The safety factor $F_s = 1.25$ (for three-level extrapolation). This $\text{GCI}_\text{fine}$ becomes the estimate for the numerical uncertainty $u_\text{num}$.

🧑‍🎓

So you solve on three meshes and estimate "how far from the true solution" based on the convergence behavior.

Combination with Monte Carlo Method

🧑‍🎓

What about $u_\text{input}$? If there are 10 or 20 input parameters, calculating all the sensitivity coefficients seems tough...

🎓

Exactly, the sensitivity coefficient method becomes computationally expensive with many parameters. That's where the Monte Carlo method comes in. The procedure is:

Set probability distributions (normal, uniform, etc.) for each input parameter.
Generate $N$ sample sets (e.g., $N = 100 \sim 10{,}000$) using methods like Latin Hypercube Sampling (LHS).
Run the simulation for each sample to obtain the distribution of the response.
The standard deviation of the response becomes $u_\text{input}$.

However, running $N=1000$ simulations is not realistic for CFD where a single simulation takes hours. Therefore, a practical approach is to insert a surrogate model (response surface method, Kriging, PCE: Polynomial Chaos Expansion) to reduce computational cost.

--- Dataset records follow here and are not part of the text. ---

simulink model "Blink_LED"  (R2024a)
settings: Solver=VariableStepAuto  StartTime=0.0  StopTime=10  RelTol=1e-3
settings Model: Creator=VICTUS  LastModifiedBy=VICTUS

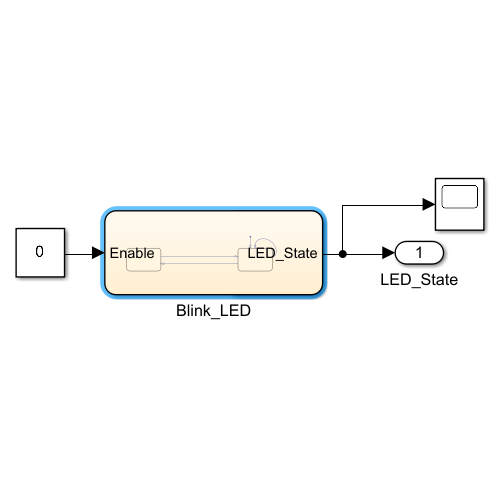
[thumbnail: Simulink's stored preview of the top-level diagram]
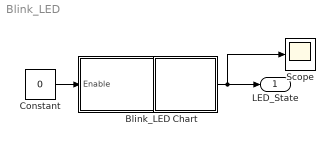
== system Blink_LED ==
  Blink_LED : Stateflow chart  TreatAsAtomicUnit=on
  Chart : Stateflow chart  TreatAsAtomicUnit=on
  Constant : Constant  Value=0
  Scope : Scope
  LED_State : Outport
  wires:
  Blink_LED/1(LED_State) -> Scope/1, LED_State/1
  Constant/1 -> Blink_LED/1(Enable)

== stateflow chart Blink_LED/Blink_LED ==
  state LED_ON
    entry:
    LED_State = 1;
  state LED_OFF
    entry:
    LED_State = 0;
  (default) -> LED_OFF
  LED_OFF -> LED_OFF [order 2] : [Enable == 0]
  LED_ON -> LED_OFF : after(1,sec)
  LED_OFF -> LED_ON [order 1] : after(1,sec)
  data: LED_State output double; Enable input

== stateflow chart Blink_LED/Chart ==
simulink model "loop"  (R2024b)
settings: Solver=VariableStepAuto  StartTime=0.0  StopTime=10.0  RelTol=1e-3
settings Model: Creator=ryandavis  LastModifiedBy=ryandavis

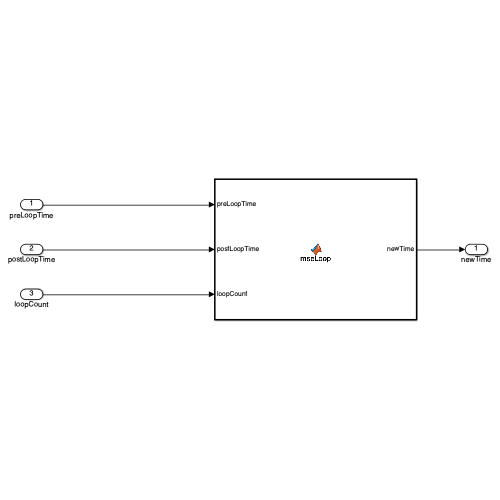
[thumbnail: Simulink's stored preview of the top-level diagram]
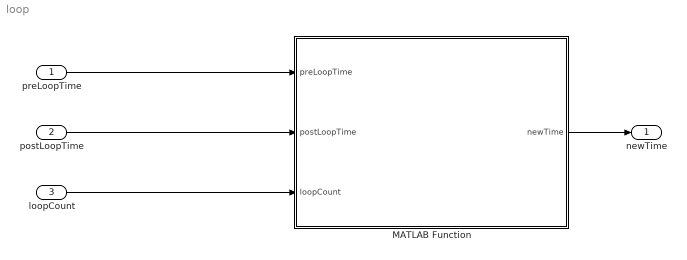
== system loop ==
  preLoopTime : Inport
  postLoopTime : Inport  Port=2
  loopCount : Inport  Port=3
  MATLAB Function : MATLAB Function  TreatAsAtomicUnit=on
  newTime : Outport
  wires:
  postLoopTime/1 -> MATLAB Function/2(postLoopTime)
  loopCount/1 -> MATLAB Function/3(loopCount)
  preLoopTime/1 -> MATLAB Function/1(preLoopTime)
  MATLAB Function/1(newTime) -> newTime/1

== matlab function loop/MATLAB Function ==
  data: preLoopTime input; newTime output; postLoopTime input; loopCount input
function newTime= mseLoop(preLoopTime, postLoopTime, loopCount)
newTime= preLoopTime+loopCount*(postLoopTime-preLoopTime);
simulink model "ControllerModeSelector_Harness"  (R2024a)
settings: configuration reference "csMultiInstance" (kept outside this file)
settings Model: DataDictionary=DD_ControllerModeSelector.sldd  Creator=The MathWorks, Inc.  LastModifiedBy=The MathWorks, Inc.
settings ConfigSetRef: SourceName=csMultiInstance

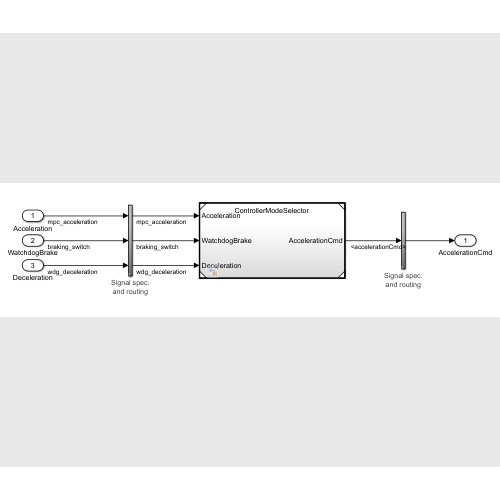
[thumbnail: Simulink's stored preview of the top-level diagram]
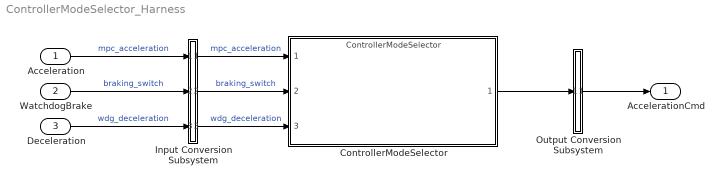
== system ControllerModeSelector_Harness ==
  Acceleration : Inport  OutDataTypeStr=double  PortDimensions=[1]  SampleTime=0.1
  WatchdogBrake : Inport  Port=2  OutDataTypeStr=Enum: BrStatus  PortDimensions=[1]  SampleTime=0.1  Interpolate=off
  Deceleration : Inport  Port=3  OutDataTypeStr=double  PortDimensions=[1]  SampleTime=0.1
  ControllerModeSelector : ModelReference  ModelNameDialog=ControllerModeSelector  SimulationMode=Normal  ModelReferenceVersion=7.0
  Input Conversion Subsystem : Subsystem  Tag=__SLT_ICS__  Description=|
      | Signal spec.
      | and routing
      settings: AttributesFormatString=%<Description>
  Output Conversion Subsystem : Subsystem  Tag=__SLT_OCS__  Description=|
      | Signal spec.
      | and routing
      settings: AttributesFormatString=%<Description>
  AccelerationCmd : Outport
  wires:
  Input Conversion Subsystem/1(Outport_1) -> ControllerModeSelector/1  "mpc_acceleration"
  WatchdogBrake/1 -> Input Conversion Subsystem/2(Inport_2)  "braking_switch"
  Output Conversion Subsystem/1(Outport_1) -> AccelerationCmd/1
  Input Conversion Subsystem/3(Outport_3) -> ControllerModeSelector/3  "wdg_deceleration"
  Deceleration/1 -> Input Conversion Subsystem/3(Inport_3)  "wdg_deceleration"
  Input Conversion Subsystem/2(Outport_2) -> ControllerModeSelector/2  "braking_switch"
  Acceleration/1 -> Input Conversion Subsystem/1(Inport_1)  "mpc_acceleration"
  ControllerModeSelector/1 -> Output Conversion Subsystem/1(Inport_1)

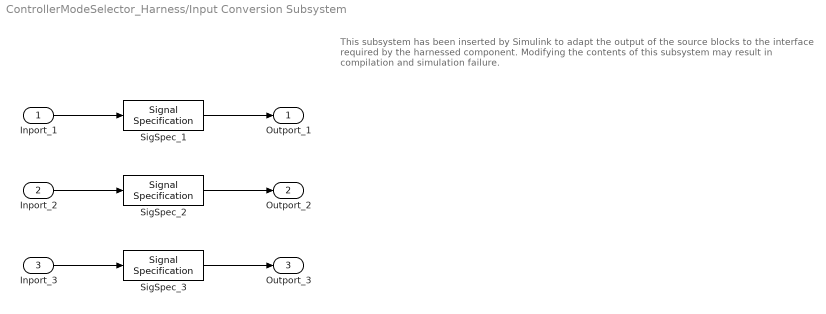
== system ControllerModeSelector_Harness/Input Conversion Subsystem ==
  note: This subsystem has been inserted by Simulink to adapt the output of the source blocks to the interface required by the harnessed component.
      |  Modifying the contents of this subsystem may result in compilation and simulation failure.
  Inport_1 : Inport
  Inport_2 : Inport  Port=2
  Inport_3 : Inport  Port=3
  SigSpec_1 : SignalSpecification  OutDataTypeStr=double  Unit=m/s^2  Dimensions=[1]  SampleTime=0.1
  SigSpec_2 : SignalSpecification  OutDataTypeStr=Enum: BrStatus  Dimensions=[1]  SampleTime=0.1
  SigSpec_3 : SignalSpecification  OutDataTypeStr=double  Unit=m/s^2  Dimensions=[1]  SampleTime=0.1
  Outport_1 : Outport
  Outport_2 : Outport  Port=2
  Outport_3 : Outport  Port=3
  wires:
  SigSpec_1/1 -> Outport_1/1
  Inport_1/1 -> SigSpec_1/1
  SigSpec_2/1 -> Outport_2/1
  Inport_2/1 -> SigSpec_2/1
  SigSpec_3/1 -> Outport_3/1
  Inport_3/1 -> SigSpec_3/1

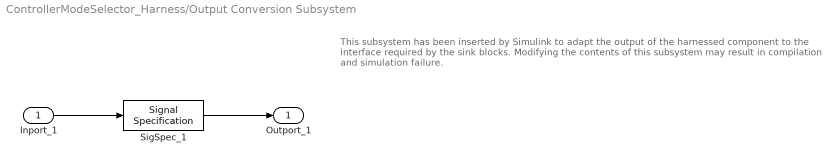
== system ControllerModeSelector_Harness/Output Conversion Subsystem ==
  note: This subsystem has been inserted by Simulink to adapt the output of the harnessed component to the interface required by the sink blocks.
      |  Modifying the contents of this subsystem may result in compilation and simulation failure.
  Inport_1 : Inport
  SigSpec_1 : SignalSpecification  OutDataTypeStr=double  Unit=m/s^2  Dimensions=[1]  SampleTime=0.1
  Outport_1 : Outport
  wires:
  Inport_1/1 -> SigSpec_1/1
  SigSpec_1/1 -> Outport_1/1

Contribution Decomposition via Sensitivity Analysis

🧑‍🎓

When $u_\text{val}$ is too large to be useful, I'd want to know "which uncertainty to reduce for the best effect."

🎓

That's where uncertainty contribution decomposition (Uncertainty Budget) becomes important. Look at the ratio of each term in $u_\text{val}^2 = u_\text{num}^2 + u_\text{input}^2 + u_\text{exp}^2$.

For example, in an actual project where $u_\text{val} = 12.5$ MPa:

Uncertainty Component	Value [MPa]	Squared Contribution Rate	Countermeasure
$u_\text{num}$	3.2	6.6%	Mesh refinement
$u_\text{input}$	11.0	77.4%	Improve material test accuracy
$u_\text{exp}$	5.0	16.0%	Calibrate measurement system
$u_\text{val}$ (combined)	12.5	100%	—

🎓

In this example, $u_\text{input}$ is dominant (77.4%), so refining the mesh would hardly reduce the overall uncertainty. You can see that improving the accuracy of material property values is the most cost-effective. Being able to make such judgments is a strength of the V&V 20 framework.

Practical Guide

How to Plan Validation

🧑‍🎓

Professor, when actually doing validation, what should I do first? Should I just start by calculating $E = S - D$?

🎓

That's a common beginner mistake. First, you must create a validation plan. ASME V&V 20 recommends using a "PIRT (Phenomena Identification and Ranking Table)" and proceeding in the following order:

Decide on the SRQ (System Response Quantity) for validation: What will you compare? Maximum stress? Temperature distribution? Flow velocity profile? Vague "does the result match?" is not enough. Be specific about the response quantity.
Set the required accuracy criteria: Determine $\delta_\text{req}$ (allowable error). Without this, you cannot judge "pass."
Develop an experimental plan: Over what parameter range, how many measurements? Choose measurement methods that can sufficiently reduce uncertainty.
Complete code verification (Verification) first: Complete code verification and solution verification before validation. Validation is meaningless if there are numerical bugs.